自己破産手続の手続きが終結した際、破産者個人には免責が許可されます。
免責とは、債務を支払う責任を免れるという効果です。
免責を得ることができれば、債務を支払う責任(義務)がなくなる、すなわち負債がなくなる、ということになりますので、破産手続に臨む破産者にとってはこの効果を得ることがゴールとなります。
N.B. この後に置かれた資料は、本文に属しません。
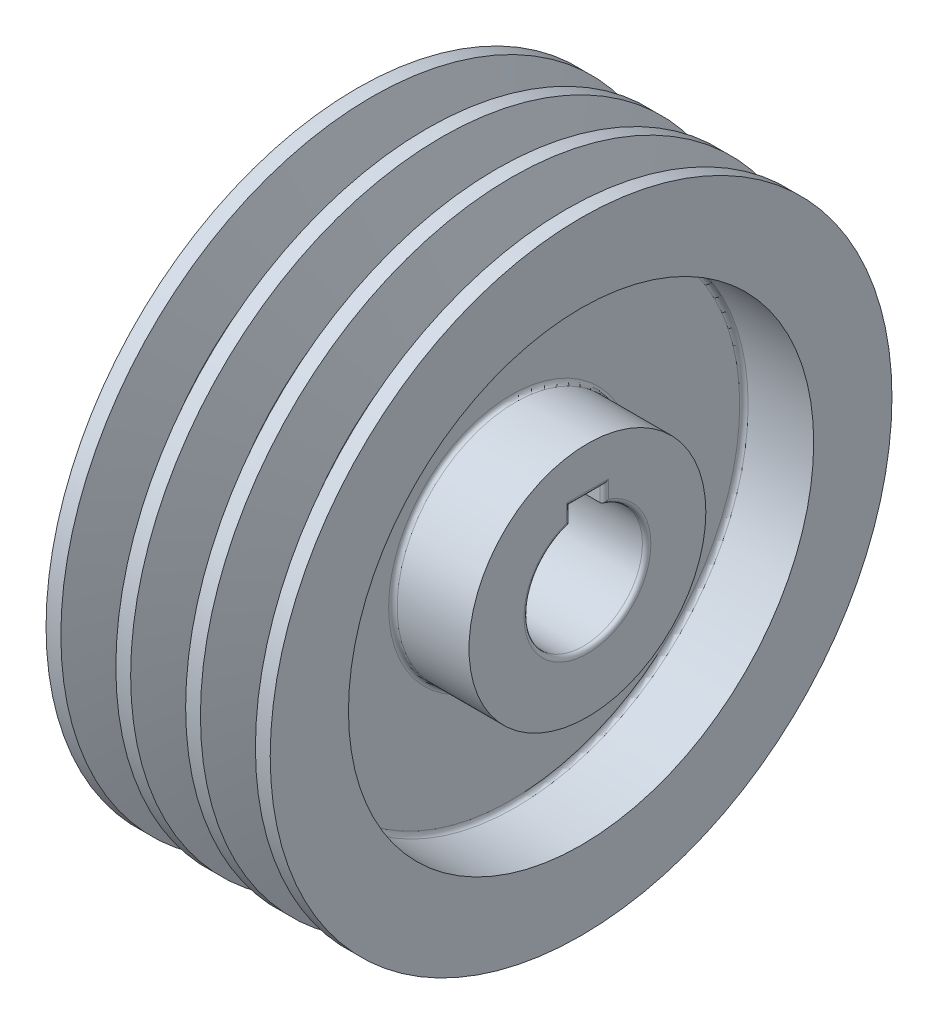
SolidWorks part; units mm, degrees
ref_plane "前视基准面" through (0, 0, 0) normal (0, 0, 1) x (1, 0, 0)
ref_plane "上视基准面" through (0, 0, 0) normal (0, 1, 0) x (1, 0, 0)
ref_plane "右视基准面" through (0, 0, 0) normal (1, 0, 0) x (0, 0, -1)
sketch "草图1" plane through (0, 0, 0) normal (0, 0, 1) x (1, 0, 0)
  line L0 (-4.5546, 0) -> (7.0103, 0) construction
  line L1 (-0.855, 3.5384) -> (-1.111, 2.7563)
  line L2 (-1.111, 2.7563) -> (0.112, 2.7563)
  line L3 (0.112, 2.7563) -> (-0.1582, 3.5384)
  line L4 (-0.1582, 3.5384) -> (-0.855, 3.5384)
  line L5 (0, -610.5758) -> (0, 650.6712) construction
  line L7 (-7010.4, 22402.8) -> (-8077.2, 22402.8)
  line L8 (-743.256, 18592.8) -> (743.256, 18592.8)
  line L9 (743.256, 18592.8) -> (1981.2, 22402.8)
  line L10 (1981.2, 22402.8) -> (3048, 22402.8)
  line L11 (3048, 22402.8) -> (4285.944, 18592.8)
  line L12 (4285.944, 18592.8) -> (5772.456, 18592.8)
  line L13 (5772.456, 18592.8) -> (7010.4, 22402.8)
  line L14 (7010.4, 22402.8) -> (8077.2, 22402.8)
  line L15 (-5772.456, 18592.8) -> (-7010.4, 22402.8)
  line L16 (-4285.944, 18592.8) -> (-5772.456, 18592.8)
  line L17 (-3048, 22402.8) -> (-4285.944, 18592.8)
  line L18 (-1981.2, 22402.8) -> (-3048, 22402.8)
  line L19 (-743.256, 18592.8) -> (-1981.2, 22402.8)
  line L20 (0.1582, 3.5384) -> (0.855, 3.5384)
  line L21 (-0.112, 2.7563) -> (0.1582, 3.5384)
  line L22 (1.111, 2.7563) -> (-0.112, 2.7563)
  line L23 (0.855, 3.5384) -> (1.111, 2.7563)
  line L24 (-8077.2, 22402.8) -> (-8077.2, 0)
  line L25 (8077.2, 22402.8) -> (8077.2, 0)
  line L26 (-8077.2, 0) -> (8077.2, 0)
  point P17 (5029.2, 18592.8)
  point P27 (0, 9296.4)
  dimension "D1" = 37185.6
  dimension "D2" = 36
  dimension "D4" = 3810
  dimension "D5" = 18
  dimension "D6" = 3048
  dimension "D7" = 3962.4
revolve "旋转3" add sketch "草图1" angle 360 about L0
sketch "草图2" plane through (0, 0, 0) normal (1, 0, 0) x (0, 0, -1)
  circle A0 centre (0, 0) radius 8534.4
  dimension "D1" = 17068.8
extrude "凸台-拉伸1" add sketch "草图2" along normal mid plane 17068.8
sketch "草图3" plane through (8534.4, 0, 0) normal (1, 0, 0) x (0, 0, -1)
  line L0 (0, 0) -> (0, -9467.8333) construction
  line L2 (-1219.2, 4089.3211) -> (-1219.2, 5273.04)
  line L3 (-1219.2, 5273.04) -> (1219.2, 5273.04)
  line L4 (1219.2, 4089.3211) -> (1219.2, 5273.04)
  arc A0 (-1219.2, 4089.3211) -> (1219.2, 4089.3211) centre (0, 0) ccw
  point P3 (0, 4267.2)
  dimension "D1" = 8534.4
  dimension "D2" = 5273.04
  dimension "D3" = 2438.4
extrude "切除-拉伸1" cut sketch "草图3" against normal through all
sketch "草图6" plane through (8077.2, 0, 0) normal (1, 0, 0) x (0, 0, -1)
  circle A0 centre (0, 0) radius 8534.4
  circle A1 centre (0, 0) radius 16764
  dimension "D1" = 33528
extrude "切除-拉伸3" cut sketch "草图6" against normal blind 5029.2
mirror "镜向1" about plane through (0, 0, 0) normal (1, 0, 0) of "切除-拉伸3"
fillet "圆角1" radius 304.8 4 edges at (8534.4, 5273.04, 0) (8534.4, 4681.1806, 1219.2) (8534.4, 4681.1806, -1219.2) (8534.4, -4267.2, 0)
fillet "圆角2" radius 304.8 4 edges at (-8534.4, 4681.1806, 1219.2) (-8534.4, 4681.1806, -1219.2) (-8534.4, 5273.04, 0) (-8534.4, -4267.2, 0)
fillet "圆角3" radius 304.8 1 edges at (3048, 0, -16764)
fillet "圆角4" radius 304.8 3 edges at (-3048, 0, -8534.4) (-3048, 0, -16764) (3048, 0, -8534.4)

しかし、すべての負債が免責の対象となるものではなく、免責の効果が及ばない負債、すなわち手続きが終結しても依然として支払い義務が残る債権が存在します。
これを専門用語で「非免責債権」といいます。
それではどのような債権が「非免責債権」に該当するのでしょうか?今回の記事では、破産手続きにおける「非免責債権」について解説します。
- 1.免責とは
- 2.非免責債権とは
- 2-1.住民税や国民健康保険料等の租税等の請求権
- 2-2.破産者が悪意で加えた不法行為に基づく損害賠償請求権
- 2-3.暴行をして傷害を与えた被害者に対する損害賠償金など破産者が故意又は重大な過失により加えた人の生命又は身体を害する不法行為に基づく損害賠償請求権
- 2-4.生活費など夫婦間の相互協力扶助義務に基づく請求権
- 2-5.婚姻費用など夫婦間の婚姻費用分担義務に基づく請求権
- 2-6.養育費など子の監護義務に基づく請求権
- 2-7.生活費など親族間の扶養義務に基づく請求権
- 2-8.個人事業主の従業員の給料など雇用関係に基づいて生じた使用人の請求権及び使用人の預り金の返還請求権
- 2-9.意図的に債権者一覧表に記載しなかった債権者に対する債権など破産者が知りながら債権者名簿に記載しなかった請求権
- 2-10.罰金等の請求権
- 3.さいごに
1.免責とは
破産手続とは、破産者が有する財産を換価処分して債権者に対し平等に分配(配当)する手続きです。従って、破産手続自体は債権者のためにある手続きと考えることができます。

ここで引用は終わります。